Ecclesial Mysticism in the Spiritual Exercises: Two Notes on Ignatius, the Church, and Life in the Spirit

Document Type

Article

Publication Date

9-1995

Publisher

SAGE

Abstract

A striking paradox confronts any attempt to assess the place of the Church in early Ignatian spirituality.* This spirituality has exerted an important influence upon the Church over the past centuries, yet paradoxically the reading of the Spiritual Exercises themselves, their meaning and their influence upon Catholic piety, has terminated in very different and mutually exclusive conclusions.
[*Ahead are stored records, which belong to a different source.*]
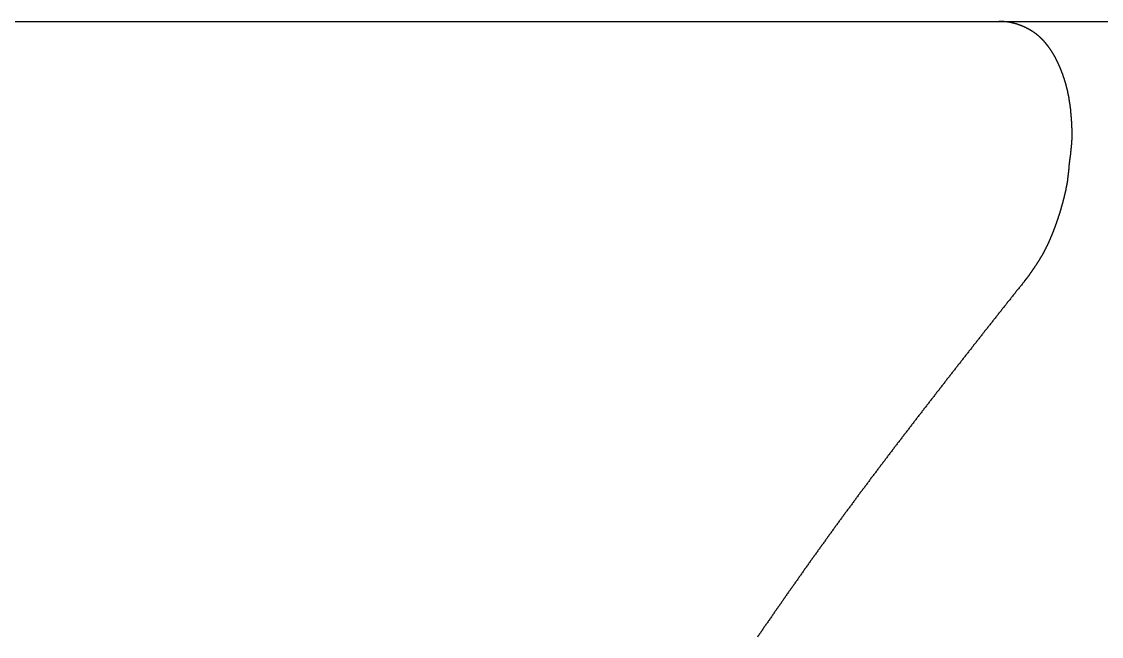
# Model space of a CAD drawing. Extents: x -7 to 305, y -225 to 131.
# Drawn here: x 158.63 to 165.81, y -79.57 to -75.49 of the extents above; entities that cross this region are included whole.
import ezdxf

# ---------------------------------------------------------------- set-up
doc = ezdxf.new("R2010")
doc.units = 0
doc.layers.get('0').update_dxf_attribs({"linetype": 'CONTINUOUS'})

msp = doc.modelspace()

# ---------------------------------------------------------------- linework, layer by layer
at = {"color": 7, "linetype": 'CONTINUOUS'}
msp.add_line((175.0457, -75.4885), (134.6457, -75.4885), dxfattribs=at)
at = {"color": 7}
for points in [[(165.298, -77.2131, 0), (165.299, -77.2122, 0), (165.3, -77.2112, 0), (165.301, -77.2102, 0), (165.301, -77.2093, 0), (165.302, -77.2083, 0), (165.303, -77.2073, 0), (165.304, -77.2063, 0), (165.305, -77.2054, 0), (165.305, -77.2044, 0), (165.306, -77.2034, 0), (165.307, -77.2024, 0), (165.308, -77.2014, 0), (165.309, -77.2005, 0), (165.309, -77.1995, 0), (165.31, -77.1985, 0), (165.311, -77.1975, 0), (165.312, -77.1965, 0), (165.313, -77.1955, 0), (165.313, -77.1945, 0), (165.314, -77.1935, 0), (165.315, -77.1925, 0), (165.316, -77.1915, 0), (165.316, -77.1905, 0), (165.317, -77.1895, 0), (165.318, -77.1885, 0), (165.319, -77.1875, 0), (165.32, -77.1865, 0), (165.32, -77.1855, 0), (165.321, -77.1845, 0), (165.322, -77.1835, 0), (165.323, -77.1825, 0), (165.323, -77.1815, 0), (165.324, -77.1805, 0), (165.325, -77.1795, 0), (165.326, -77.1784, 0), (165.326, -77.1774, 0), (165.327, -77.1764, 0), (165.328, -77.1754, 0), (165.329, -77.1744, 0), (165.329, -77.1733, 0), (165.33, -77.1723, 0), (165.331, -77.1713, 0), (165.332, -77.1703, 0), (165.332, -77.1692, 0), (165.333, -77.1682, 0), (165.334, -77.1672, 0), (165.334, -77.1662, 0), (165.335, -77.1651, 0), (165.336, -77.1641, 0), (165.337, -77.1631, 0), (165.337, -77.162, 0), (165.338, -77.161, 0), (165.339, -77.1599, 0), (165.34, -77.1589, 0), (165.34, -77.1579, 0), (165.341, -77.1568, 0), (165.342, -77.1558, 0), (165.342, -77.1548, 0), (165.343, -77.1537, 0), (165.344, -77.1527, 0), (165.345, -77.1516, 0), (165.345, -77.1506, 0), (165.346, -77.1496, 0), (165.347, -77.1485, 0), (165.347, -77.1475, 0), (165.348, -77.1464, 0), (165.349, -77.1454, 0), (165.35, -77.1444, 0), (165.35, -77.1433, 0), (165.351, -77.1423, 0), (165.352, -77.1412, 0), (165.352, -77.1402, 0), (165.353, -77.1391, 0), (165.354, -77.1381, 0), (165.355, -77.1371, 0), (165.355, -77.136, 0), (165.356, -77.135, 0), (165.357, -77.1339, 0), (165.357, -77.1329, 0), (165.358, -77.1319, 0), (165.359, -77.1308, 0), (165.36, -77.1298, 0), (165.36, -77.1287, 0), (165.361, -77.1277, 0), (165.362, -77.1266, 0), (165.362, -77.1256, 0), (165.363, -77.1245, 0), (165.364, -77.1235, 0), (165.365, -77.1225, 0), (165.365, -77.1214, 0), (165.366, -77.1204, 0), (165.367, -77.1193, 0), (165.367, -77.1183, 0), (165.368, -77.1172, 0), (165.369, -77.1162, 0), (165.37, -77.1151, 0), (165.37, -77.1141, 0), (165.371, -77.113, 0), (165.372, -77.112, 0), (165.372, -77.1109, 0), (165.373, -77.1099, 0), (165.374, -77.1088, 0), (165.374, -77.1078, 0), (165.375, -77.1067, 0), (165.376, -77.1057, 0), (165.377, -77.1046, 0), (165.377, -77.1036, 0), (165.378, -77.1025, 0), (165.379, -77.1015, 0), (165.379, -77.1004, 0), (165.38, -77.0993, 0), (165.381, -77.0983, 0), (165.381, -77.0972, 0), (165.382, -77.0962, 0), (165.383, -77.0951, 0), (165.383, -77.0941, 0), (165.384, -77.093, 0), (165.385, -77.0919, 0), (165.386, -77.0909, 0), (165.386, -77.0898, 0), (165.387, -77.0888, 0), (165.388, -77.0877, 0), (165.388, -77.0866, 0), (165.389, -77.0856, 0), (165.39, -77.0845, 0), (165.39, -77.0834, 0), (165.391, -77.0824, 0), (165.392, -77.0813, 0), (165.392, -77.0802, 0), (165.393, -77.0792, 0), (165.394, -77.0781, 0), (165.394, -77.077, 0), (165.395, -77.076, 0), (165.396, -77.0749, 0), (165.396, -77.0738, 0), (165.397, -77.0728, 0), (165.398, -77.0717, 0), (165.398, -77.0706, 0), (165.399, -77.0695, 0), (165.4, -77.0685, 0), (165.4, -77.0674, 0), (165.401, -77.0663, 0), (165.402, -77.0652, 0), (165.402, -77.0642, 0), (165.403, -77.0631, 0), (165.404, -77.062, 0), (165.404, -77.0609, 0), (165.405, -77.0598, 0), (165.406, -77.0588, 0), (165.406, -77.0577, 0), (165.407, -77.0566, 0), (165.408, -77.0555, 0), (165.408, -77.0544, 0), (165.409, -77.0534, 0), (165.41, -77.0523, 0), (165.41, -77.0512, 0), (165.411, -77.0501, 0), (165.411, -77.049, 0), (165.412, -77.0479, 0), (165.413, -77.0468, 0), (165.413, -77.0457, 0), (165.414, -77.0446, 0), (165.415, -77.0436, 0), (165.415, -77.0425, 0), (165.416, -77.0414, 0), (165.417, -77.0403, 0), (165.417, -77.0392, 0), (165.418, -77.0381, 0), (165.418, -77.037, 0), (165.419, -77.0359, 0), (165.42, -77.0348, 0), (165.42, -77.0337, 0), (165.421, -77.0326, 0), (165.422, -77.0315, 0), (165.422, -77.0304, 0), (165.423, -77.0293, 0), (165.423, -77.0282, 0), (165.424, -77.0271, 0), (165.425, -77.026, 0), (165.425, -77.0249, 0), (165.426, -77.0237, 0), (165.426, -77.0226, 0), (165.427, -77.0215, 0), (165.428, -77.0204, 0), (165.428, -77.0193, 0), (165.429, -77.0182, 0), (165.429, -77.0171, 0), (165.43, -77.016, 0), (165.431, -77.0149, 0), (165.431, -77.0137, 0), (165.432, -77.0126, 0), (165.432, -77.0115, 0), (165.433, -77.0104, 0), (165.434, -77.0093, 0), (165.434, -77.0082, 0), (165.435, -77.007, 0), (165.435, -77.0059, 0), (165.436, -77.0048, 0), (165.437, -77.0037, 0), (165.437, -77.0025, 0), (165.438, -77.0014, 0), (165.438, -77.0003, 0), (165.439, -76.9992, 0), (165.439, -76.998, 0), (165.44, -76.9969, 0), (165.441, -76.9958, 0), (165.441, -76.9947, 0), (165.442, -76.9935, 0), (165.442, -76.9924, 0), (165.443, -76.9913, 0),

Qn the one hand, so perceptive a philosopher of religion as Baron Friedrich von Hügel maintained that among the elements in authentic religion, the Jesuit heritage has placed its greatest weight upon the institutional, with the commensurate emphasis upon authority, submission, and obedience that emerges from such an orientation.1 On the other hand, so heavily has the individual and the ascetical been accented in the standard commentaries on the Exercises, maintained Burkhart Schneider, that one must take issue with Lilly Zarncke and any number of traditional commentators to protest as a counterthesis that the Exercises are deeply concerned with the Church, that they "are not exclusively concerned with the single human being and his or her personal destiny." Schneider pays tribute to Hugo Rahner who "brought back to awareness the complete meaning of the Exercises and especially the central place the Church occupies within them."2 Emphatically institutional or emphatically individualistic or something in between, what is the place occupied by the hierarchical or institutional Church in the Spiritual Exercises?